Write the records below out in full, character for character, with no pictures.

=-=-=

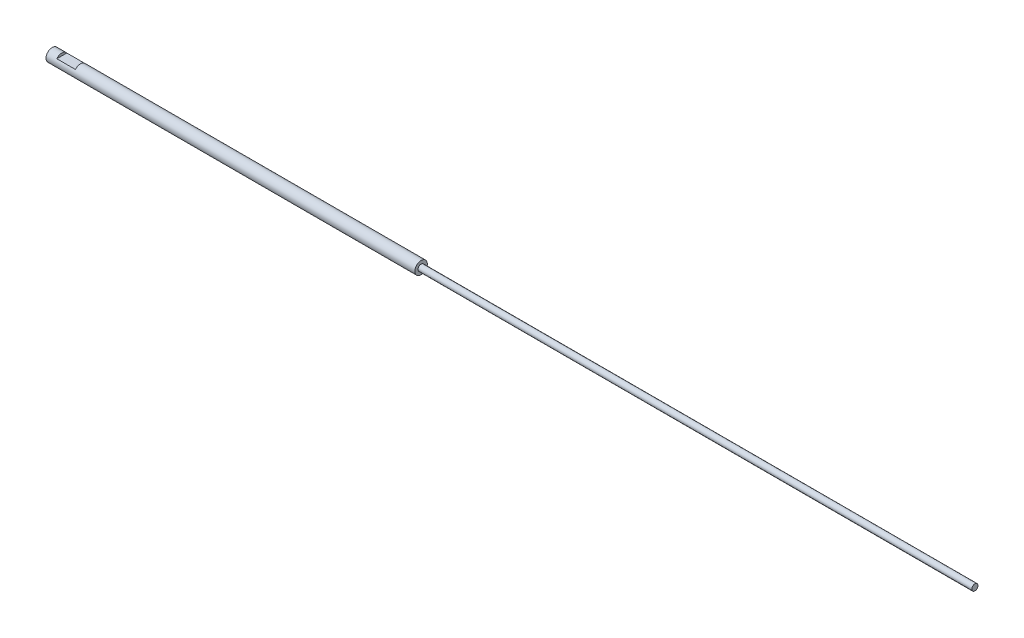
SolidWorks part; units mm, degrees
ref_plane "Přední rovina" through (0, 0, 0) normal (0, 0, 1) x (1, 0, 0)
ref_plane "Horní rovina" through (0, 0, 0) normal (0, 1, 0) x (1, 0, 0)
ref_plane "Pravá rovina" through (0, 0, 0) normal (1, 0, 0) x (0, 0, -1)
sketch "Skica1" plane through (0, 0, 0) normal (0, 0, 1) x (1, 0, 0)
  line L1 (301.25, 5) -> (0, 5)
  line L2 (301.25, 5) -> (301.25, 2.5)
  line L3 (0, 5) -> (0, 0)
  line L4 (0, 0) -> (745.975, 0)
  line L19 (745.975, 2.5) -> (301.25, 2.5) construction
  line L20 (301.25, 2.5) -> (745.975, 2.5)
  line L21 (745.975, 0) -> (745.975, 2.5)
  line L24 (256.067, 0) -> (316.0926, 0) construction
  line L25 (745.975, 0) -> (-745.975, 0) construction
revolve "Rotovat3" add sketch "Skica1" angle 360 about L24
sketch "Skica2" plane through (0, 0, 0) normal (-1, 0, 0) x (0, 0, 1)
  circle A0 centre (0, 0) radius 5
extrude "Odebrat vysunutím1" cut sketch "Skica2" against normal blind 5
sketch "Skica3" plane through (0, 19, 0) normal (0, 1, 0) x (1, 0, 0)
  line L0 (301.25, 5) -> (5, 5) construction
  line L1 (12.7073, -5) -> (27.7073, -5)
  line L2 (12.7073, -5) -> (12.7073, 5)
  line L3 (12.7073, 5) -> (27.7073, 5)
  line L4 (27.7073, -5) -> (27.7073, 5)
  line L5 (12.7073, -5) -> (27.7073, 5) construction
  line L6 (12.7073, 5) -> (27.7073, -5) construction
  circle A0 centre (0, 0) radius 20.2073 construction
  circle A1 centre (20.2073, 0) radius 4 construction
  circle A2 centre (10.1036, 17.5) radius 4 construction
  point P4 (20.2073, 0)
  dimension "D1" = 15
extrude "Odebrat vysunutím2" cut sketch "Skica3" against normal blind 16
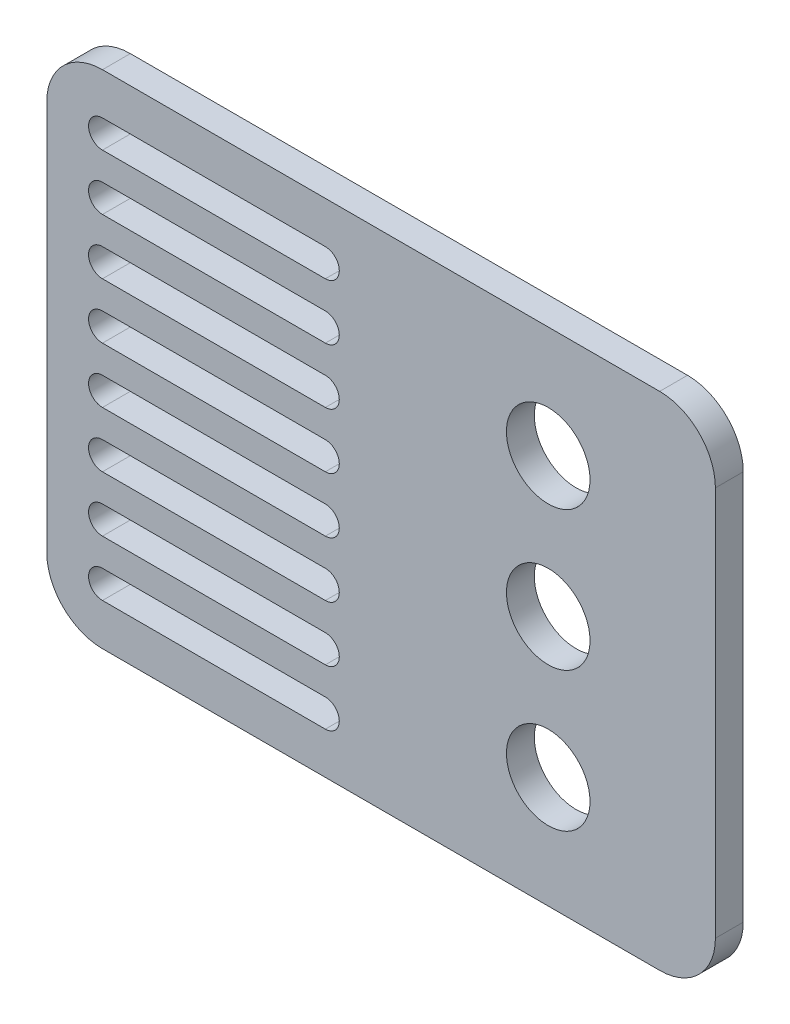
SolidWorks part; units mm, degrees
material "6061 Alloy"
ref_plane "Front Plane" through (0, 0, 0) normal (0, 0, 1) x (1, 0, 0)
ref_plane "Top Plane" through (0, 0, 0) normal (0, 1, 0) x (1, 0, 0)
ref_plane "Right Plane" through (0, 0, 0) normal (1, 0, 0) x (0, 0, -1)
sketch "Sketch2" plane through (0, 0, 0) normal (0, 0, 1) x (1, 0, 0)
  line L1 (76.2, -57.15) -> (-76.2, -57.15)
  line L2 (76.2, -57.15) -> (76.2, 57.15)
  line L3 (76.2, 57.15) -> (-76.2, 57.15)
  line L4 (-76.2, -57.15) -> (-76.2, 57.15)
  line L5 (76.2, -57.15) -> (-76.2, 57.15) construction
  line L6 (76.2, 57.15) -> (-76.2, -57.15) construction
  point P0 (0, 0)
  dimension "D1" = 152.4
  dimension "D2" = 114.3
extrude "Base Extrude" add sketch "Sketch2" along normal blind 6.35
fillet "Fillet" radius 12.7 4 edges at (-76.2, -57.15, 3.175) (76.2, -57.15, 3.175) (-76.2, 57.15, 3.175) (76.2, 57.15, 3.175)
sketch "Sketch3" plane through (0, 0, 6.35) normal (0, 0, 1) x (1, 0, 0)
  line L0 (76.2, -44.45) -> (76.2, 44.45) construction
  line L1 (63.5, 57.15) -> (-63.5, 57.15) construction
  circle A0 centre (38.1, 31.75) radius 9.525
  dimension "D1" = 38.1
  dimension "D2" = 25.4
extrude "Circular Cut" cut sketch "Sketch3" against normal through all
sketch "Sketch5" plane through (0, 0, 6.35) normal (0, 0, 1) x (1, 0, 0)
  line L0 (-63.5, 44.45) -> (-12.7, 44.45) construction
  line L1 (-63.5, 47.625) -> (-12.7, 47.625)
  line L2 (-63.5, 41.275) -> (-12.7, 41.275)
  line L3 (63.5, 57.15) -> (-63.5, 57.15) construction
  line L4 (-76.2, 44.45) -> (-76.2, -44.45) construction
  arc A0 (-63.5, 47.625) -> (-63.5, 41.275) centre (-63.5, 44.45) ccw
  arc A1 (-12.7, 41.275) -> (-12.7, 47.625) centre (-12.7, 44.45) ccw
  point P2 (-38.1, 44.45)
  dimension "D1" = 50.8
  dimension "D2" = 6.35
  dimension "D3" = 12.7
  dimension "D4" = 12.7
extrude "Slot Cut" cut sketch "Sketch5" against normal through all
pattern_linear "Slot LPattern" count 8 spacing 12.7 along (0, -1, 0) of "Slot Cut"
pattern_linear "Circle LPattern" count 3 spacing 31.75 along (0, -1, 0) of "Circular Cut"

=-=-=

# Result for this task:
SolidWorks part; units mm, degrees
ref_plane "Přední rovina" through (0, 0, 0) normal (0, 0, 1) x (1, 0, 0)
ref_plane "Horní rovina" through (0, 0, 0) normal (0, 1, 0) x (1, 0, 0)
ref_plane "Pravá rovina" through (0, 0, 0) normal (1, 0, 0) x (0, 0, -1)
sketch "Skica1" plane through (0, 0, 0) normal (0, 0, 1) x (1, 0, 0)
  line L1 (301.25, 5) -> (0, 5)
  line L2 (301.25, 5) -> (301.25, 2.5)
  line L3 (0, 5) -> (0, 0)
  line L4 (0, 0) -> (745.975, 0)
  line L19 (745.975, 2.5) -> (301.25, 2.5) construction
  line L20 (301.25, 2.5) -> (745.975, 2.5)
  line L21 (745.975, 0) -> (745.975, 2.5)
  line L24 (256.067, 0) -> (316.0926, 0) construction
  line L25 (745.975, 0) -> (-745.975, 0) construction
revolve "Rotovat3" add sketch "Skica1" angle 360 about L24
sketch "Skica2" plane through (0, 0, 0) normal (-1, 0, 0) x (0, 0, 1)
  circle A0 centre (0, 0) radius 5
extrude "Odebrat vysunutím1" cut sketch "Skica2" against normal blind 5
sketch "Skica3" plane through (0, 19, 0) normal (0, 1, 0) x (1, 0, 0)
  line L0 (301.25, 5) -> (5, 5) construction
  line L1 (12.7073, -5) -> (27.7073, -5)
  line L2 (12.7073, -5) -> (12.7073, 5)
  line L3 (12.7073, 5) -> (27.7073, 5)
  line L4 (27.7073, -5) -> (27.7073, 5)
  line L5 (12.7073, -5) -> (27.7073, 5) construction
  line L6 (12.7073, 5) -> (27.7073, -5) construction
  circle A0 centre (0, 0) radius 20.2073 construction
  circle A1 centre (20.2073, 0) radius 4 construction
  circle A2 centre (10.1036, 17.5) radius 4 construction
  point P4 (20.2073, 0)
  dimension "D1" = 15
extrude "Odebrat vysunutím2" cut sketch "Skica3" against normal blind 16
SolidWorks part; units mm, degrees
material "6061 Alloy"
ref_plane "Front Plane" through (0, 0, 0) normal (0, 0, 1) x (1, 0, 0)
ref_plane "Top Plane" through (0, 0, 0) normal (0, 1, 0) x (1, 0, 0)
ref_plane "Right Plane" through (0, 0, 0) normal (1, 0, 0) x (0, 0, -1)
sketch "Sketch2" plane through (0, 0, 0) normal (0, 0, 1) x (1, 0, 0)
  line L1 (76.2, -57.15) -> (-76.2, -57.15)
  line L2 (76.2, -57.15) -> (76.2, 57.15)
  line L3 (76.2, 57.15) -> (-76.2, 57.15)
  line L4 (-76.2, -57.15) -> (-76.2, 57.15)
  line L5 (76.2, -57.15) -> (-76.2, 57.15) construction
  line L6 (76.2, 57.15) -> (-76.2, -57.15) construction
  point P0 (0, 0)
  dimension "D1" = 152.4
  dimension "D2" = 114.3
extrude "Base Extrude" add sketch "Sketch2" along normal blind 6.35
fillet "Fillet" radius 12.7 4 edges at (-76.2, -57.15, 3.175) (76.2, -57.15, 3.175) (-76.2, 57.15, 3.175) (76.2, 57.15, 3.175)
sketch "Sketch3" plane through (0, 0, 6.35) normal (0, 0, 1) x (1, 0, 0)
  line L0 (76.2, -44.45) -> (76.2, 44.45) construction
  line L1 (63.5, 57.15) -> (-63.5, 57.15) construction
  circle A0 centre (38.1, 31.75) radius 9.525
  dimension "D1" = 38.1
  dimension "D2" = 25.4
extrude "Circular Cut" cut sketch "Sketch3" against normal through all
sketch "Sketch5" plane through (0, 0, 6.35) normal (0, 0, 1) x (1, 0, 0)
  line L0 (-63.5, 44.45) -> (-12.7, 44.45) construction
  line L1 (-63.5, 47.625) -> (-12.7, 47.625)
  line L2 (-63.5, 41.275) -> (-12.7, 41.275)
  line L3 (63.5, 57.15) -> (-63.5, 57.15) construction
  line L4 (-76.2, 44.45) -> (-76.2, -44.45) construction
  arc A0 (-63.5, 47.625) -> (-63.5, 41.275) centre (-63.5, 44.45) ccw
  arc A1 (-12.7, 41.275) -> (-12.7, 47.625) centre (-12.7, 44.45) ccw
  point P2 (-38.1, 44.45)
  dimension "D1" = 50.8
  dimension "D2" = 6.35
  dimension "D3" = 12.7
  dimension "D4" = 12.7
extrude "Slot Cut" cut sketch "Sketch5" against normal through all
pattern_linear "Slot LPattern" count 8 spacing 12.7 along (0, -1, 0) of "Slot Cut"
pattern_linear "Circle LPattern" count 3 spacing 31.75 along (0, -1, 0) of "Circular Cut"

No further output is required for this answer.